以下の3つのポイントを押さえておきましょう。
- PayPayの審査基準は「事業の実態」|開業届は必須ではない
- 業種別の申込み対応(訪問・出張・在宅・イベント)
- 初期費用0円・手数料1.98%〜のコスト構造
PayPayの審査基準は「事業の実態」|開業届は必須ではない
PayPayの加盟店審査で確認されるのは「開業届の有無」や「固定店舗の有無」ではなく、「継続的な販売・サービス提供の実態があるか」という点です。
フリーランスや副業として活動を始めたばかりの個人でも、販売実績や活動実態が証明できれば申し込めます。
申込条件は「日本在住の18歳以上であること」と「有効な本人確認書類を持っていること」の2点のみです。
開業届や確定申告書の提出は求められておらず、事業を始めたばかりの個人事業主でも問題ありません。
「フリーランスデザイナーで開業届なしだったが申し込めた」「副業で訪問美容を始めたばかりだが通過した」という声が多くあります。
申し込み後に開業届を提出することも問題なく、開業届を出すタイミングを悩んでいる方でも先に申し込んで構いません。
詳しい評判・審査情報はPayPayの評判と実際の口コミまとめもご覧ください。
業種別の申込み対応表(訪問・出張・在宅・イベント)
店舗なし個人事業主がPayPayを申し込む際、「販売形態」の選択と「用意する写真」が業種によって異なります。

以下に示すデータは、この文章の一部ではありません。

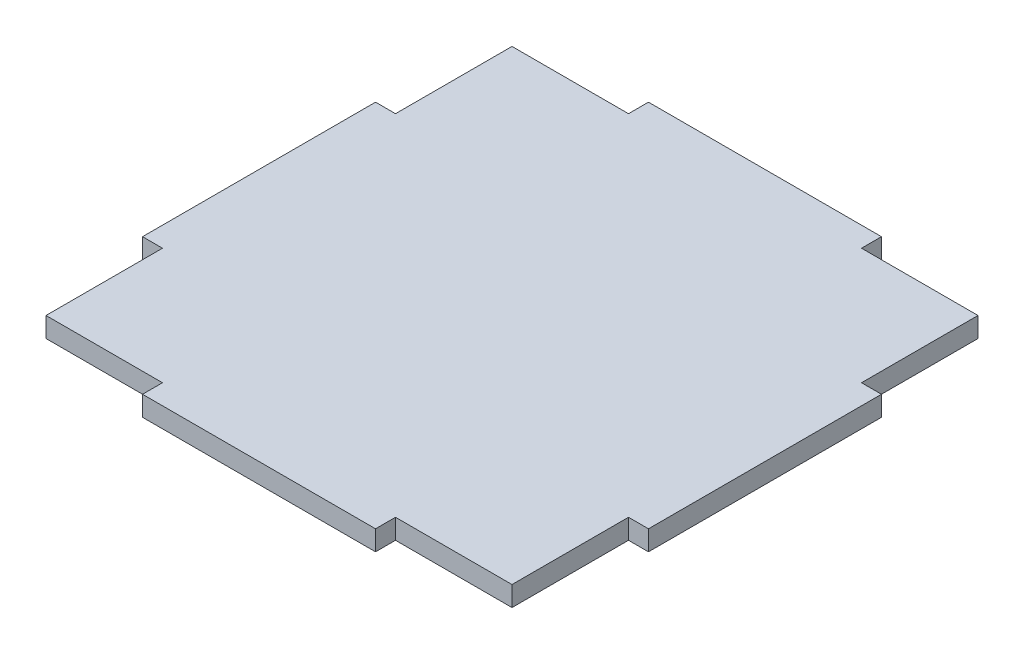
ISO-10303-21;
HEADER;
FILE_DESCRIPTION(('STEP AP214'),'2;1');
FILE_NAME('part.step','',(''),(''),'','','');
FILE_SCHEMA(('AUTOMOTIVE_DESIGN { 1 0 10303 214 1 1 1 1 }'));
ENDSEC;
DATA;
#1=APPLICATION_CONTEXT('core data for automotive mechanical design processes');
#2=APPLICATION_PROTOCOL_DEFINITION('international standard','automotive_design',2000,#1);
#3=PRODUCT_CONTEXT('',#1,'mechanical');
#4=PRODUCT('Part','Part','',(#3));
#5=PRODUCT_RELATED_PRODUCT_CATEGORY('part','',(#4));
#6=PRODUCT_DEFINITION_FORMATION('','',#4);
#7=PRODUCT_DEFINITION_CONTEXT('part definition',#1,'design');
#8=PRODUCT_DEFINITION('design','',#6,#7);
#9=PRODUCT_DEFINITION_SHAPE('','',#8);
#10=(LENGTH_UNIT() NAMED_UNIT(*) SI_UNIT(.MILLI.,.METRE.));
#11=(NAMED_UNIT(*) PLANE_ANGLE_UNIT() SI_UNIT($,.RADIAN.));
#12=(NAMED_UNIT(*) SI_UNIT($,.STERADIAN.) SOLID_ANGLE_UNIT());
#13=UNCERTAINTY_MEASURE_WITH_UNIT(LENGTH_MEASURE(1.E-05),#10,'distance_accuracy_value','');
#14=(GEOMETRIC_REPRESENTATION_CONTEXT(3) GLOBAL_UNCERTAINTY_ASSIGNED_CONTEXT((#13)) GLOBAL_UNIT_ASSIGNED_CONTEXT((#10,
#11,#12)) REPRESENTATION_CONTEXT('',''));
#15=CARTESIAN_POINT('',(0.,0.,0.));
#16=DIRECTION('',(0.,0.,1.));
#17=DIRECTION('',(1.,0.,0.));
#18=AXIS2_PLACEMENT_3D('',#15,#16,#17);
#19=CARTESIAN_POINT('',(35.,3.,-17.5));
#20=DIRECTION('',(-1.,0.,0.));
#21=DIRECTION('',(0.,0.,1.));
#22=AXIS2_PLACEMENT_3D('',#19,#20,#21);
#23=PLANE('',#22);
#24=DIRECTION('',(0.,0.,-1.));
#25=VECTOR('',#24,1.);
#26=CARTESIAN_POINT('',(35.,0.,-17.5));
#27=LINE('',#26,#25);
#28=CARTESIAN_POINT('',(35.,0.,-17.5));
#29=VERTEX_POINT('',#28);
#30=CARTESIAN_POINT('',(35.,0.,-35.));
#31=VERTEX_POINT('',#30);
#32=EDGE_CURVE('E205',#29,#31,#27,.T.);
#33=ORIENTED_EDGE('',*,*,#32,.T.);
#34=DIRECTION('',(0.,-1.,0.));
#35=VECTOR('',#34,1.);
#36=CARTESIAN_POINT('',(35.,3.,-35.));
#37=LINE('',#36,#35);
#38=CARTESIAN_POINT('',(35.,3.,-35.));
#39=VERTEX_POINT('',#38);
#40=EDGE_CURVE('E11',#39,#31,#37,.T.);
#41=ORIENTED_EDGE('',*,*,#40,.F.);
#42=DIRECTION('',(0.,0.,-1.));
#43=VECTOR('',#42,1.);
#44=CARTESIAN_POINT('',(35.,3.,-17.5));
#45=LINE('',#44,#43);
#46=CARTESIAN_POINT('',(35.,3.,-17.5));
#47=VERTEX_POINT('',#46);
#48=EDGE_CURVE('E243',#47,#39,#45,.T.);
#49=ORIENTED_EDGE('',*,*,#48,.F.);
#50=DIRECTION('',(0.,-1.,0.));
#51=VECTOR('',#50,1.);
#52=CARTESIAN_POINT('',(35.,3.,-17.5));
#53=LINE('',#52,#51);
#54=EDGE_CURVE('E201',#47,#29,#53,.T.);
#55=ORIENTED_EDGE('',*,*,#54,.T.);
#56=EDGE_LOOP('',(#33,#41,#49,#55));
#57=FACE_BOUND('',#56,.T.);
#58=ADVANCED_FACE('F37',(#57),#23,.F.);
#59=CARTESIAN_POINT('',(17.5,3.,-35.));
#60=DIRECTION('',(0.,0.,1.));
#61=DIRECTION('',(1.,0.,0.));
#62=AXIS2_PLACEMENT_3D('',#59,#60,#61);
#63=PLANE('',#62);
#64=DIRECTION('',(-1.,0.,0.));
#65=VECTOR('',#64,1.);
#66=CARTESIAN_POINT('',(17.5,0.,-35.));
#67=LINE('',#66,#65);
#68=CARTESIAN_POINT('',(17.5,0.,-35.));
#69=VERTEX_POINT('',#68);
#70=EDGE_CURVE('E208',#31,#69,#67,.T.);
#71=ORIENTED_EDGE('',*,*,#70,.T.);
#72=DIRECTION('',(0.,-1.,0.));
#73=VECTOR('',#72,1.);
#74=CARTESIAN_POINT('',(17.5,3.,-35.));
#75=LINE('',#74,#73);
#76=CARTESIAN_POINT('',(17.5,3.,-35.));
#77=VERTEX_POINT('',#76);
#78=EDGE_CURVE('E45',#77,#69,#75,.T.);
#79=ORIENTED_EDGE('',*,*,#78,.F.);
#80=DIRECTION('',(-1.,0.,0.));
#81=VECTOR('',#80,1.);
#82=CARTESIAN_POINT('',(17.5,3.,-35.));
#83=LINE('',#82,#81);
#84=EDGE_CURVE('E132',#39,#77,#83,.T.);
#85=ORIENTED_EDGE('',*,*,#84,.F.);
#86=ORIENTED_EDGE('',*,*,#40,.T.);
#87=EDGE_LOOP('',(#71,#79,#85,#86));
#88=FACE_BOUND('',#87,.T.);
#89=ADVANCED_FACE('F361',(#88),#63,.F.);
#90=CARTESIAN_POINT('',(17.5,3.,-38.));
#91=DIRECTION('',(-1.,0.,0.));
#92=DIRECTION('',(0.,0.,1.));
#93=AXIS2_PLACEMENT_3D('',#90,#91,#92);
#94=PLANE('',#93);
#95=DIRECTION('',(0.,0.,-1.));
#96=VECTOR('',#95,1.);
#97=CARTESIAN_POINT('',(17.5,0.,-38.));
#98=LINE('',#97,#96);
#99=CARTESIAN_POINT('',(17.5,0.,-38.));
#100=VERTEX_POINT('',#99);
#101=EDGE_CURVE('E210',#69,#100,#98,.T.);
#102=ORIENTED_EDGE('',*,*,#101,.T.);
#103=DIRECTION('',(0.,-1.,0.));
#104=VECTOR('',#103,1.);
#105=CARTESIAN_POINT('',(17.5,3.,-38.));
#106=LINE('',#105,#104);
#107=CARTESIAN_POINT('',(17.5,3.,-38.));
#108=VERTEX_POINT('',#107);
#109=EDGE_CURVE('E286',#108,#100,#106,.T.);
#110=ORIENTED_EDGE('',*,*,#109,.F.);
#111=DIRECTION('',(0.,0.,-1.));
#112=VECTOR('',#111,1.);
#113=CARTESIAN_POINT('',(17.5,3.,-38.));
#114=LINE('',#113,#112);
#115=EDGE_CURVE('E294',#77,#108,#114,.T.);
#116=ORIENTED_EDGE('',*,*,#115,.F.);
#117=ORIENTED_EDGE('',*,*,#78,.T.);
#118=EDGE_LOOP('',(#102,#110,#116,#117));
#119=FACE_BOUND('',#118,.T.);
#120=ADVANCED_FACE('F292',(#119),#94,.F.);
#121=CARTESIAN_POINT('',(-17.5,3.,-38.));
#122=DIRECTION('',(0.,0.,1.));
#123=DIRECTION('',(1.,0.,0.));
#124=AXIS2_PLACEMENT_3D('',#121,#122,#123);
#125=PLANE('',#124);
#126=DIRECTION('',(-1.,0.,0.));
#127=VECTOR('',#126,1.);
#128=CARTESIAN_POINT('',(-17.5,0.,-38.));
#129=LINE('',#128,#127);
#130=CARTESIAN_POINT('',(-17.5,0.,-38.));
#131=VERTEX_POINT('',#130);
#132=EDGE_CURVE('E212',#100,#131,#129,.T.);
#133=ORIENTED_EDGE('',*,*,#132,.T.);
#134=DIRECTION('',(0.,-1.,0.));
#135=VECTOR('',#134,1.);
#136=CARTESIAN_POINT('',(-17.5,3.,-38.));
#137=LINE('',#136,#135);
#138=CARTESIAN_POINT('',(-17.5,3.,-38.));
#139=VERTEX_POINT('',#138);
#140=EDGE_CURVE('E283',#139,#131,#137,.T.);
#141=ORIENTED_EDGE('',*,*,#140,.F.);
#142=DIRECTION('',(-1.,0.,0.));
#143=VECTOR('',#142,1.);
#144=CARTESIAN_POINT('',(-17.5,3.,-38.));
#145=LINE('',#144,#143);
#146=EDGE_CURVE('E312',#108,#139,#145,.T.);
#147=ORIENTED_EDGE('',*,*,#146,.F.);
#148=ORIENTED_EDGE('',*,*,#109,.T.);
#149=EDGE_LOOP('',(#133,#141,#147,#148));
#150=FACE_BOUND('',#149,.T.);
#151=ADVANCED_FACE('F303',(#150),#125,.F.);
#152=CARTESIAN_POINT('',(-17.5,3.,-38.));
#153=DIRECTION('',(1.,0.,0.));
#154=DIRECTION('',(0.,0.,-1.));
#155=AXIS2_PLACEMENT_3D('',#152,#153,#154);
#156=PLANE('',#155);
#157=DIRECTION('',(0.,0.,1.));
#158=VECTOR('',#157,1.);
#159=CARTESIAN_POINT('',(-17.5,0.,-38.));
#160=LINE('',#159,#158);
#161=CARTESIAN_POINT('',(-17.5,0.,-35.));
#162=VERTEX_POINT('',#161);
#163=EDGE_CURVE('E214',#131,#162,#160,.T.);
#164=ORIENTED_EDGE('',*,*,#163,.T.);
#165=DIRECTION('',(0.,-1.,0.));
#166=VECTOR('',#165,1.);
#167=CARTESIAN_POINT('',(-17.5,3.,-35.));
#168=LINE('',#167,#166);
#169=CARTESIAN_POINT('',(-17.5,3.,-35.));
#170=VERTEX_POINT('',#169);
#171=EDGE_CURVE('E280',#170,#162,#168,.T.);
#172=ORIENTED_EDGE('',*,*,#171,.F.);
#173=DIRECTION('',(0.,0.,1.));
#174=VECTOR('',#173,1.);
#175=CARTESIAN_POINT('',(-17.5,3.,-38.));
#176=LINE('',#175,#174);
#177=EDGE_CURVE('E309',#139,#170,#176,.T.);
#178=ORIENTED_EDGE('',*,*,#177,.F.);
#179=ORIENTED_EDGE('',*,*,#140,.T.);
#180=EDGE_LOOP('',(#164,#172,#178,#179));
#181=FACE_BOUND('',#180,.T.);
#182=ADVANCED_FACE('F307',(#181),#156,.F.);
#183=CARTESIAN_POINT('',(-35.,3.,-35.));
#184=DIRECTION('',(0.,0.,1.));
#185=DIRECTION('',(1.,0.,0.));
#186=AXIS2_PLACEMENT_3D('',#183,#184,#185);
#187=PLANE('',#186);
#188=DIRECTION('',(-1.,0.,0.));
#189=VECTOR('',#188,1.);
#190=CARTESIAN_POINT('',(-35.,0.,-35.));
#191=LINE('',#190,#189);
#192=CARTESIAN_POINT('',(-35.,0.,-35.));
#193=VERTEX_POINT('',#192);
#194=EDGE_CURVE('E216',#162,#193,#191,.T.);
#195=ORIENTED_EDGE('',*,*,#194,.T.);
#196=DIRECTION('',(0.,-1.,0.));
#197=VECTOR('',#196,1.);
#198=CARTESIAN_POINT('',(-35.,3.,-35.));
#199=LINE('',#198,#197);
#200=CARTESIAN_POINT('',(-35.,3.,-35.));
#201=VERTEX_POINT('',#200);
#202=EDGE_CURVE('E277',#201,#193,#199,.T.);
#203=ORIENTED_EDGE('',*,*,#202,.F.);
#204=DIRECTION('',(-1.,0.,0.));
#205=VECTOR('',#204,1.);
#206=CARTESIAN_POINT('',(-35.,3.,-35.));
#207=LINE('',#206,#205);
#208=EDGE_CURVE('E311',#170,#201,#207,.T.);
#209=ORIENTED_EDGE('',*,*,#208,.F.);
#210=ORIENTED_EDGE('',*,*,#171,.T.);
#211=EDGE_LOOP('',(#195,#203,#209,#210));
#212=FACE_BOUND('',#211,.T.);
#213=ADVANCED_FACE('F374',(#212),#187,.F.);
#214=CARTESIAN_POINT('',(-35.,3.,-17.5));
#215=DIRECTION('',(1.,0.,0.));
#216=DIRECTION('',(0.,0.,-1.));
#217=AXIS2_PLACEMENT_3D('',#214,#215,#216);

以下の対応表を参考に自分の業種に合った準備をしましょう。
| 業種・ビジネス形態 | 販売形態の選択 | 用意する写真・書類 |
|---|---|---|
| 訪問美容師・訪問マッサージ・訪問整体 | 店舗(自宅を施術場所として登録) | 自宅の作業スペース+道具・屋号入り写真 |
| 出張カメラマン・出張料理人 | 店舗 or 移動販売 | 自宅作業場の写真・ポートフォリオサイトのURL |
| 在宅デザイナー・ライター・コンサルタント | 店舗(自宅を事業場所として登録) | 自宅作業場の写真・Webサイト・SNSのURL |
| 家事代行・ハウスクリーニング | 移動販売 or 店舗 | 自宅の作業スペース・道具と屋号入り写真 |
| フリマ・マルシェ・イベント出店 | 移動販売 | 出店中の写真・販売品+屋号表示の写真 |
| ネット販売のみ(メルカリ・minne等) | 通信販売 | 商品写真・出品中のページのURL |
訪問・出張系のビジネスは「店舗」または「移動販売」を選ぶのが基本です。
「通信販売」はネット発送のみの場合に限り選択しましょう。
初期費用0円・手数料1.98%〜のコスト概要
PayPay加盟店の費用はPayPay公式が以下のとおり明示しています。
| 費用項目 | 金額 | 備考 |
|---|---|---|
| 初期費用 | 0円 | QRコードスタンド・ステッカーは無料提供 |
| 月額費用 | 0円(通常プラン) | ライトプランは月額1,980円 |
| 決済手数料 | 1.98% | ライトプランは1.60% |
| 振込手数料 | 20円 | PayPay銀行。他行は200円 |
| 入金サイクル | 最短翌日 | PayPay銀行利用時 |
月額0円・初期費用0円で始められるため、売上が少ない開業初期でもコストリスクがありません。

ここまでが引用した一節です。